The Role of Coronary Arteriography in Demonstration of Mural Thrombosis after Angioplasty (1)

The Role of Coronary Arteriography in Demonstration of Mural Thrombosis after Angioplasty (1)Thrombosis has been recognized as an important component of vascular response to coronary angioplasty, since it underlies acute complications and can contribute to late restenosis. Recognition of intracoronary thrombi may have significant consequences in patient management. The accuracy of arteriography for demonstration of intracoronary thrombi after angioplasty is unclear. Early studies indicated a high sensitivity for arteriography in demonstration of occlusive thrombosis in acute myocardial infarction. However, later reports showed little sensitivity for this method in detection of nonocclusive thrombi in unstable angina, as compared with angios-copy. The specificity of arteriography is also not defined. After angioplasty, the discrepancy between the high incidence of thrombosis in experimental models and the observed low clinical incidence of arteriographic thrombosis suggests poor sensitivity of arteriography.

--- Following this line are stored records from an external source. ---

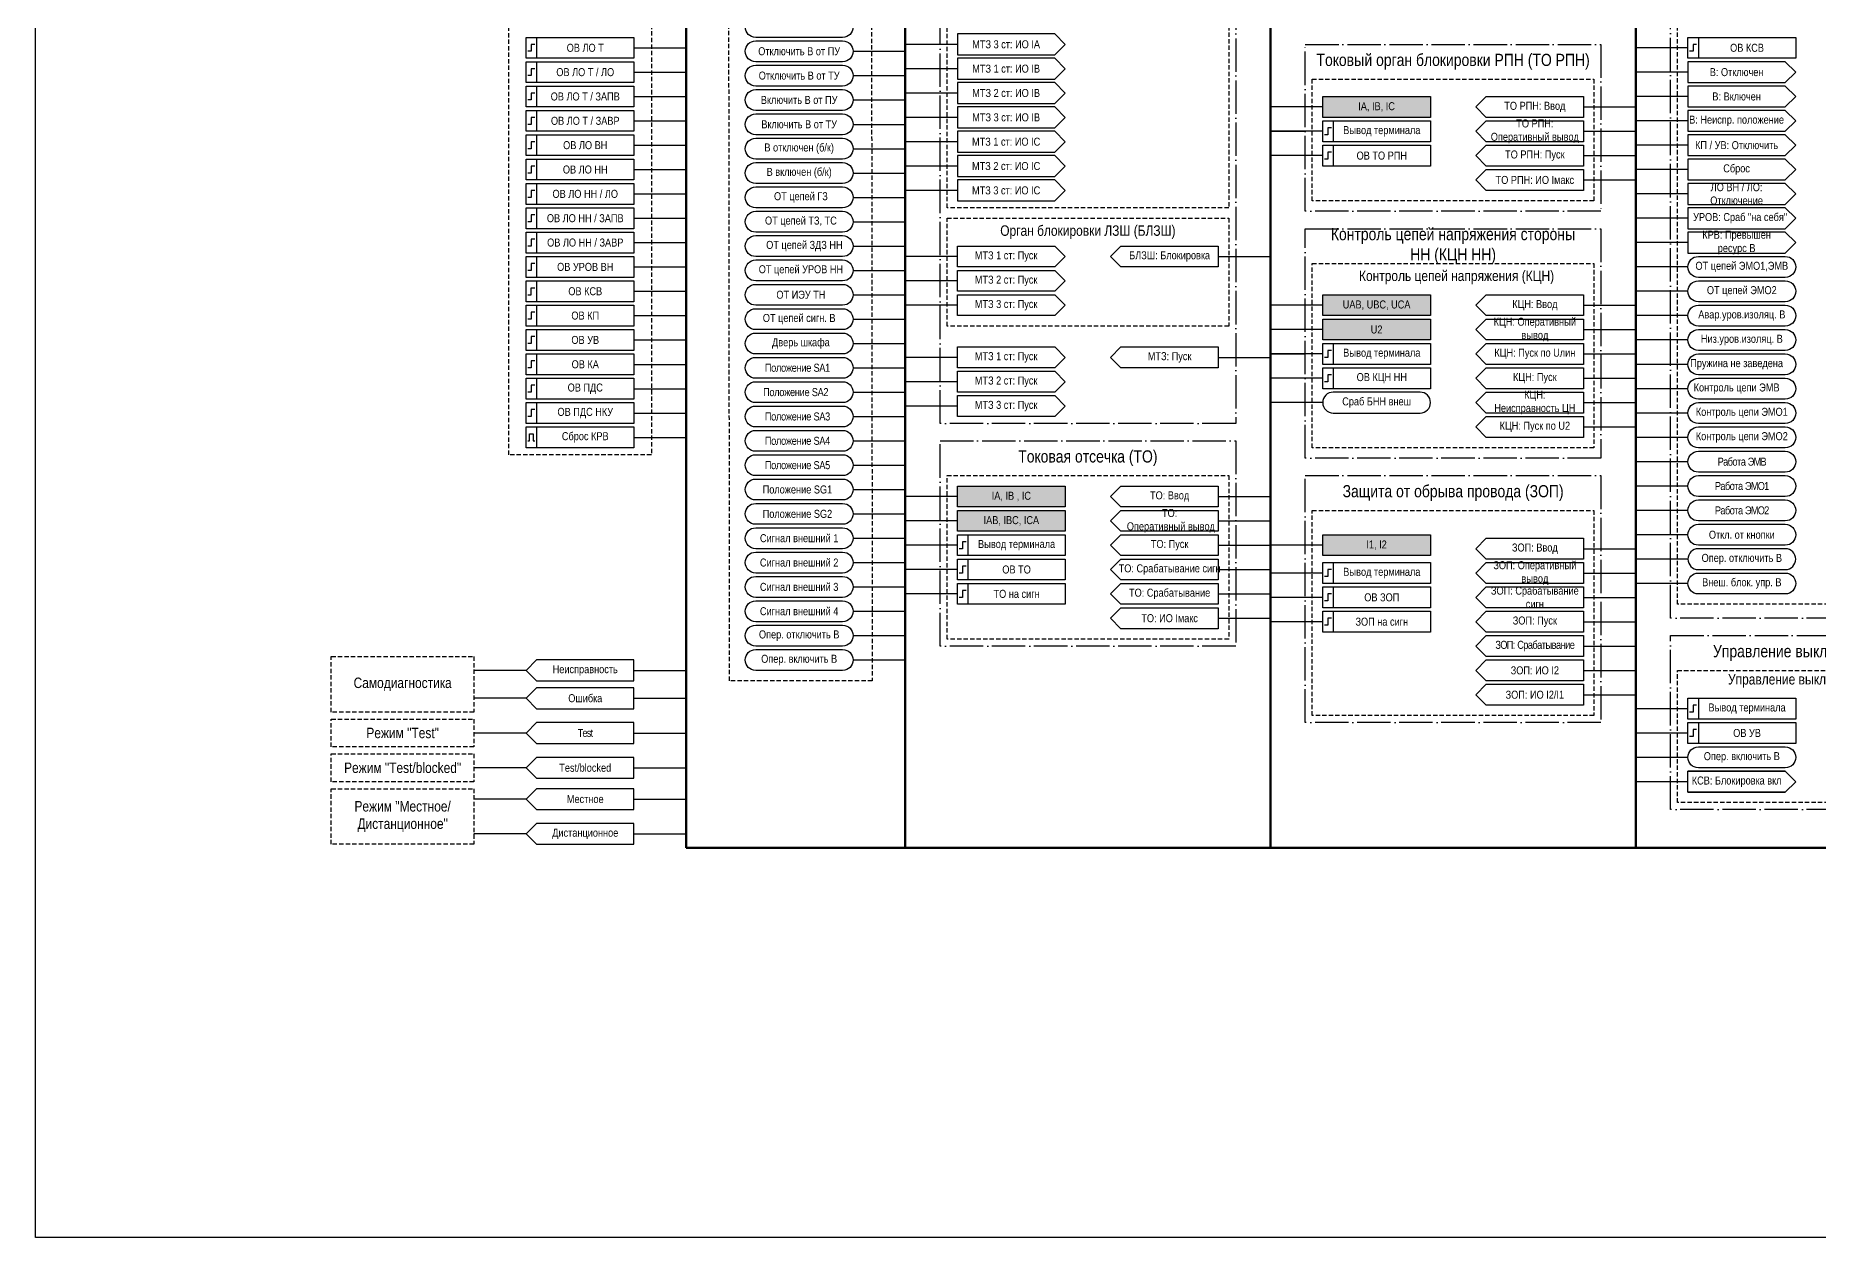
# Model space of a CAD drawing. Header units: millimetres. Extents: x -1595 to 2157, y 0 to 879.
# Drawn here: x 0 to 512, y 0 to 346 of the extents above; entities that cross this region are included whole.
import ezdxf

# ---------------------------------------------------------------- set-up
doc = ezdxf.new("R2010")
doc.units = ezdxf.units.MM
doc.linetypes.add('ACAD_ISO04W100', pattern=[30, 24, -3, 0, -3])
doc.linetypes.add('штриховая2', pattern=[0.375, 0.25, -0.125])
doc.layers.add('TEXT', color=7, linetype='Continuous', lineweight=25)
doc.layers.add('Основная', color=7, linetype='Continuous')
doc.styles.add('2.3_GOST_RD', font='ARIALN.TTF', dxfattribs={"height": 2.3})
doc.styles.add('2.5_Gost_RD', font='ARIALN.TTF', dxfattribs={"height": 2.5})
doc.styles.add('3.5_Gost_RD', font='ARIALN.TTF', dxfattribs={"height": 3.5})

msp = doc.modelspace()

# ---------------------------------------------------------------- hatches: boundary and pattern name
at = {"ltscale": 100, "true_color": 0x00cb62}
h = msp.add_hatch(color=112, dxfattribs=at)
h.dxf.hatch_style = 1
h.paths.add_polyline_path([(370, 328), (401, 328), (401, 322), (370, 322)])
h = msp.add_hatch(color=112, dxfattribs=at)
h.dxf.hatch_style = 1
h.paths.add_polyline_path([(370, 271), (401, 271), (401, 265), (370, 265)])
h = msp.add_hatch(color=112, dxfattribs=at)
h.dxf.hatch_style = 1
h.paths.add_polyline_path([(370, 264), (401, 264), (401, 258), (370, 258)])
h = msp.add_hatch(color=112, dxfattribs=at)
h.dxf.hatch_style = 1
h.paths.add_polyline_path([(265, 216), (296, 216), (296, 210), (265, 210)])
h = msp.add_hatch(color=112, dxfattribs=at)
h.dxf.hatch_style = 1
h.paths.add_polyline_path([(265, 209), (296, 209), (296, 203), (265, 203)])
h = msp.add_hatch(color=112, dxfattribs=at)
h.dxf.hatch_style = 1
h.paths.add_polyline_path([(370, 202), (401, 202), (401, 196), (370, 196)])

# ---------------------------------------------------------------- linework, layer by layer
at = {"lineweight": 100, "ltscale": 100}
for p, q in [((250, 744), (250, 112)), ((355, 744), (355, 112)), ((460, 744), (460, 112)), ((187, 613), (187, 112)), ((187, 112), (250, 112)), ((250, 112), (880, 112))]:
    msp.add_line(p, q, dxfattribs=at)
at = {"ltscale": 100}
for p, q in [((172, 342), (187, 342)), ((235, 341), (250, 341)), ((265, 343), (250, 343)), ((475, 342), (460, 342)), ((172, 335), (187, 335)), ((235, 334), (250, 334)), ((265, 336), (250, 336)), ((475, 335), (460, 335)), ((172, 328), (187, 328)), ((265, 329), (250, 329)), ((475, 328), (460, 328)), ((235, 327), (250, 327)), ((370, 325), (355, 325)), ((445, 325), (460, 325)), ((172, 321), (187, 321)), ((235, 320), (250, 320)), ((265, 322), (250, 322)), ((370, 318), (355, 318)), ((355, 318), (365, 318)), ((445, 318), (460, 318)), ((475, 321), (460, 321)), ((172, 314), (187, 314)), ((235, 313), (250, 313)), ((265, 315), (250, 315)), ((417, 314), (414, 311)), ((417, 314), (445, 314)), ((475, 314), (460, 314)), ((265, 308), (250, 308)), ((370, 311), (355, 311)), ((414, 311), (417, 308)), ((445, 311), (460, 311)), ((172, 307), (187, 307)), ((235, 306), (250, 306)), ((417, 307), (414, 304)), ((414, 304), (417, 301)), ((417, 307), (445, 307)), ((445, 304), (460, 304)), ((475, 307), (460, 307)), ((172, 300), (187, 300)), ((235, 299), (250, 299)), ((265, 301), (250, 301)), ((475, 300), (460, 300)), ((172, 293), (187, 293)), ((475, 293), (460, 293)), ((235, 292), (250, 292)), ((172, 286), (187, 286)), ((235, 285), (250, 285)), ((265, 282), (250, 282)), ((340, 282), (355, 282)), ((475, 286), (460, 286)), ((172, 279), (187, 279)), ((235, 278), (250, 278)), ((475, 279), (460, 279)), ((172, 272), (187, 272)), ((265, 275), (250, 275)), ((475, 272), (460, 272)), ((235, 271), (250, 271)), ((265, 268), (250, 268)), ((370, 268), (355, 268)), ((445, 268), (460, 268)), ((172, 265), (187, 265)), ((235, 264), (250, 264)), ((475, 265), (460, 265)), ((172, 258), (187, 258)), ((235, 257), (250, 257)), ((370, 261), (355, 261)), ((445, 261), (460, 261)), ((475, 258), (460, 258)), ((265, 253), (250, 253)), ((340, 253), (355, 253)), ((370, 254), (355, 254)), ((355, 254), (365, 254)), ((445, 254), (460, 254)), ((172, 251), (187, 251)), ((235, 250), (250, 250)), ((265, 246), (250, 246)), ((370, 247), (355, 247)), ((445, 247), (460, 247)), ((475, 251), (460, 251)), ((172, 244), (187, 244)), ((235, 243), (250, 243)), ((475, 244), (460, 244)), ((172, 237), (187, 237)), ((235, 236), (250, 236)), ((265, 239), (250, 239)), ((370, 240), (355, 240)), ((445, 240), (460, 240)), ((475, 237), (460, 237)), ((445, 233), (460, 233)), ((172, 230), (187, 230)), ((235, 229), (250, 229)), ((475, 230), (460, 230)), ((235, 222), (250, 222)), ((475, 223), (460, 223)), ((475, 216), (460, 216)), ((235, 215), (250, 215)), ((265, 213), (250, 213)), ((340, 213), (355, 213)), ((235, 208), (250, 208)), ((265, 206), (250, 206)), ((340, 206), (355, 206)), ((475, 209), (460, 209)), ((235, 201), (250, 201)), ((475, 202), (460, 202)), ((265, 199), (250, 199)), ((340, 199), (355, 199)), ((370, 199), (355, 199)), ((445, 198), (460, 198)), ((475, 195), (460, 195)), ((235, 194), (250, 194)), ((265, 192), (250, 192)), ((340, 192), (355, 192)), ((370, 191), (355, 191)), ((445, 191), (460, 191)), ((235, 187), (250, 187)), ((265, 185), (250, 185)), ((340, 185), (355, 185)), ((475, 188), (460, 188)), ((235, 180), (250, 180)), ((370, 184), (355, 184)), ((445, 184), (460, 184)), ((340, 178), (355, 178)), ((370, 177), (355, 177)), ((445, 177), (460, 177)), ((235, 173), (250, 173)), ((445, 170), (460, 170)), ((235, 166), (250, 166)), ((172, 163), (187, 163)), ((445, 163), (460, 163)), ((172, 155), (187, 155)), ((445, 156), (460, 156)), ((475, 152), (460, 152)), ((172, 145), (187, 145)), ((475, 145), (460, 145)), ((172, 135), (187, 135)), ((475, 138), (460, 138)), ((475, 131), (460, 131)), ((172, 126), (187, 126)), ((172, 116), (187, 116))]:
    msp.add_line(p, q, dxfattribs=at)
at = {"color": 3, "ltscale": 100}
msp.add_lwpolyline([(0, 841), (1015, 841), (1015, 0), (0, 0)], close=True, dxfattribs=at)
at = {"color": 251, "linetype": 'ACAD_ISO04W100', "lineweight": 30, "ltscale": 0.4, "true_color": 0x58595b}
for points in [[(260, 744), (345, 744), (345, 234), (260, 234)], [(470, 365), (555, 365), (555, 178), (470, 178)], [(365, 343), (450, 343), (450, 295), (365, 295)], [(365, 290), (450, 290), (450, 224), (365, 224)], [(260, 229), (345, 229), (345, 170), (260, 170)], [(365, 219), (450, 219), (450, 148), (365, 148)], [(470, 173), (555, 173), (555, 123), (470, 123)]]:
    msp.add_lwpolyline(points, close=True, dxfattribs=at)
at = {"color": 7, "linetype": 'штриховая2', "ltscale": 5}
for points in [[(199, 654), (240, 654), (240.5, 160), (199.5, 160)], [(136, 613), (177, 613), (177, 225), (136, 225)], [(85, 167), (126, 167), (126, 151), (85, 151)], [(85, 149), (126, 149), (126, 141), (85, 141)], [(85, 139), (126, 139), (126, 131), (85, 131)], [(85, 129), (126, 129), (126, 113), (85, 113)]]:
    msp.add_lwpolyline(points, close=True, dxfattribs=at)
at = {"linetype": 'штриховая2', "ltscale": 5}
for points in [[(262, 382), (343, 382), (343, 296), (262, 296)], [(472, 355), (553, 355), (553, 182), (472, 182)], [(367, 333), (448, 333), (448, 298), (367, 298)], [(262, 293), (343, 293), (343, 262), (262, 262)], [(367, 280), (448, 280), (448, 227), (367, 227)], [(262, 219), (343, 219), (343, 172), (262, 172)], [(367, 209), (448, 209), (448, 150), (367, 150)], [(472, 163), (553, 163), (553, 125), (472, 125)]]:
    msp.add_lwpolyline(points, close=True, dxfattribs=at)
at = {"ltscale": 100}
for points in [[(207, 345, -1), (207, 351), (232, 351, -1), (232, 345)], [(207, 338, -1), (207, 344), (232, 344, -1), (232, 338)], [(207, 331, -1), (207, 337), (232, 337, -1), (232, 331)], [(207, 324, -1), (207, 330), (232, 330, -1), (232, 324)], [(207, 317, -1), (207, 323), (232, 323, -1), (232, 317)], [(207, 310, -1), (207, 316), (232, 316, -1), (232, 310)], [(207, 303, -1), (207, 309), (232, 309, -1), (232, 303)], [(207, 296, -1), (207, 302), (232, 302, -1), (232, 296)], [(207, 289, -1), (207, 295), (232, 295, -1), (232, 289)], [(207, 282, -1), (207, 288), (232, 288, -1), (232, 282)], [(478, 276, -1), (478, 282), (503, 282, -1), (503, 276)], [(207, 275, -1), (207, 281), (232, 281, -1), (232, 275)], [(207, 268, -1), (207, 274), (232, 274, -1), (232, 268)], [(478, 269, -1), (478, 275), (503, 275, -1), (503, 269)], [(207, 261, -1), (207, 267), (232, 267, -1), (232, 261)], [(478, 262, -1), (478, 268), (503, 268, -1), (503, 262)], [(207, 254, -1), (207, 260), (232, 260, -1), (232, 254)], [(478, 255, -1), (478, 261), (503, 261, -1), (503, 255)], [(207, 247, -1), (207, 253), (232, 253, -1), (232, 247)], [(478, 248, -1), (478, 254), (503, 254, -1), (503, 248)], [(207, 240, -1), (207, 246), (232, 246, -1), (232, 240)], [(478, 241, -1), (478, 247), (503, 247, -1), (503, 241)], [(373, 237), (398, 237, 1), (398, 243), (373, 243, 1)], [(207, 233, -1), (207, 239), (232, 239, -1), (232, 233)], [(478, 234, -1), (478, 240), (503, 240, -1), (503, 234)], [(207, 226, -1), (207, 232), (232, 232, -1), (232, 226)], [(478, 227, -1), (478, 233), (503, 233, -1), (503, 227)], [(478, 220, -1), (478, 226), (503, 226, -1), (503, 220)], [(207, 219, -1), (207, 225), (232, 225, -1), (232, 219)], [(207, 212, -1), (207, 218), (232, 218, -1), (232, 212)], [(478, 213, -1), (478, 219), (503, 219, -1), (503, 213)], [(207, 205, -1), (207, 211), (232, 211, -1), (232, 205)], [(478, 206, -1), (478, 212), (503, 212, -1), (503, 206)], [(478, 199, -1), (478, 205), (503, 205, -1), (503, 199)], [(207, 198, -1), (207, 204), (232, 204, -1), (232, 198)], [(207, 191, -1), (207, 197), (232, 197, -1), (232, 191)], [(478, 192), (503, 192, 1), (503, 198), (478, 198, 1)], [(207, 184, -1), (207, 190), (232, 190, -1), (232, 184)], [(478, 185, -1), (478, 191), (503, 191, -1), (503, 185)], [(207, 177, -1), (207, 183), (232, 183, -1), (232, 177)], [(207, 170, -1), (207, 176), (232, 176, -1), (232, 170)], [(207, 163, -1), (207, 169), (232, 169, -1), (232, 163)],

Initial angioscopic and intravascular ultrasound studies in man are also consistent with this idea. However, the extent of arteriographic inaccuracy, as well as possible factors influencing thrombus demonstration, are unknown.
In order to gain insight into these questions, we analyzed the relationship between coronary arteriographic abnormalities immediately before death and the histologic extent of mural thrombosis in dogs submitted to balloon dilation of intact coronary arteries.
Methods
The animals described in this study were in part used in previously described protocols. Briefly 77 mongrel dogs of both sexes, weighing 17 ±6 (SD) kg, were anesthetized with pentobarbital, intubated, and artificially ventilated. Systemic arterial pressure and lead 2 of the ECG were continuously monitored. Intravenous 0.9 percent NaCl solution was given at a rate of 15 to 20 ml/ kg/h. Heparin was given to 67 dogs as an intravenous bolus 30 to 50 min before angioplasty; the bolus doses were 100 IU/kg in 55 dogs and 50 IU/kg in 12 dogs. Ten dogs received no heparin. This study was performed according to the guidelines for animal care of the American Physiological Society and approved by a local committee.